--- START ---

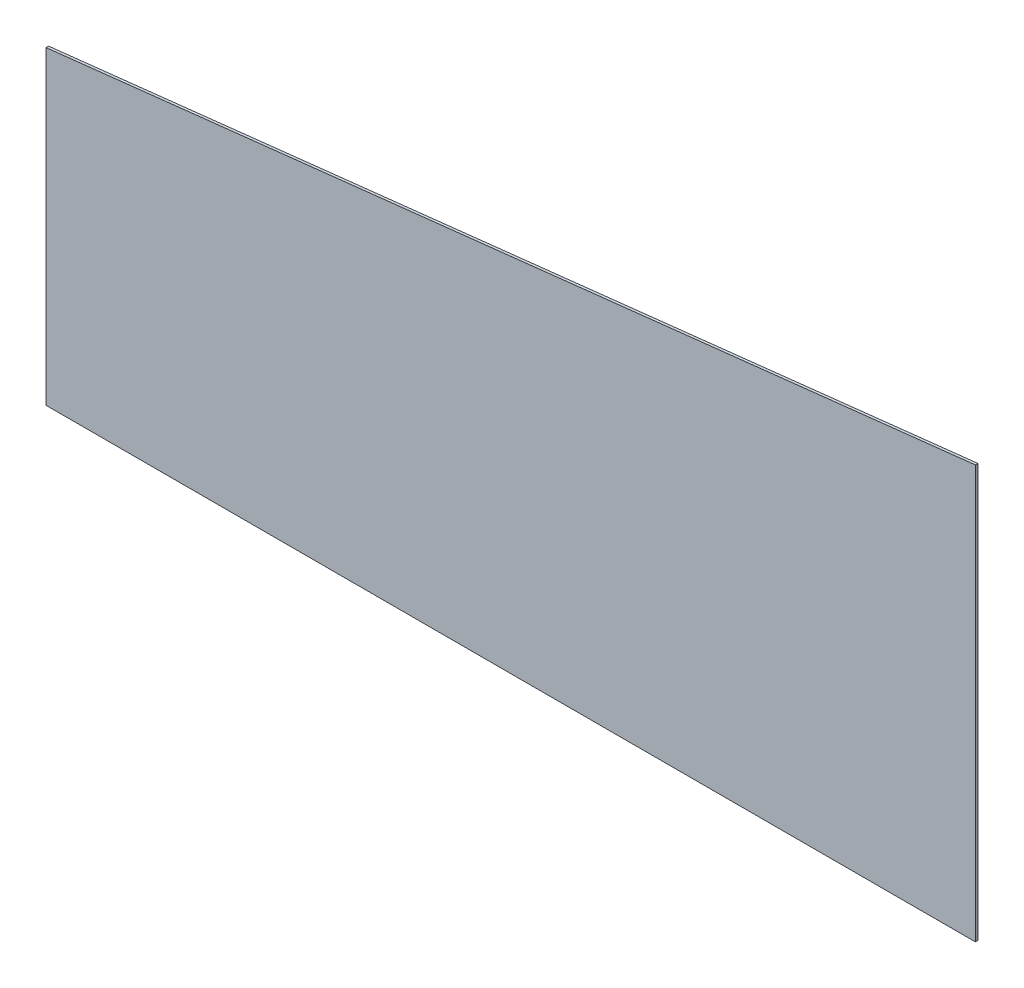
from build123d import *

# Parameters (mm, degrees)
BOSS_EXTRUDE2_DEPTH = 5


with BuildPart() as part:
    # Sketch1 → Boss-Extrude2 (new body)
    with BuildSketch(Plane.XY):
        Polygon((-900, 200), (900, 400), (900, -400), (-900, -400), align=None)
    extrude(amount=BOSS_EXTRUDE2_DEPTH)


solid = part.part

--- END ---

Please give back the material above exactly as written, pictures omitted.

== EXERCISE RESPONSE ==
from build123d import *

# Parameters (mm, degrees)
BOSS_EXTRUDE2_DEPTH = 5


with BuildPart() as part:
    # Sketch1 → Boss-Extrude2 (new body)
    with BuildSketch(Plane.XY):
        Polygon((-900, 200), (900, 400), (900, -400), (-900, -400), align=None)
    extrude(amount=BOSS_EXTRUDE2_DEPTH)


solid = part.part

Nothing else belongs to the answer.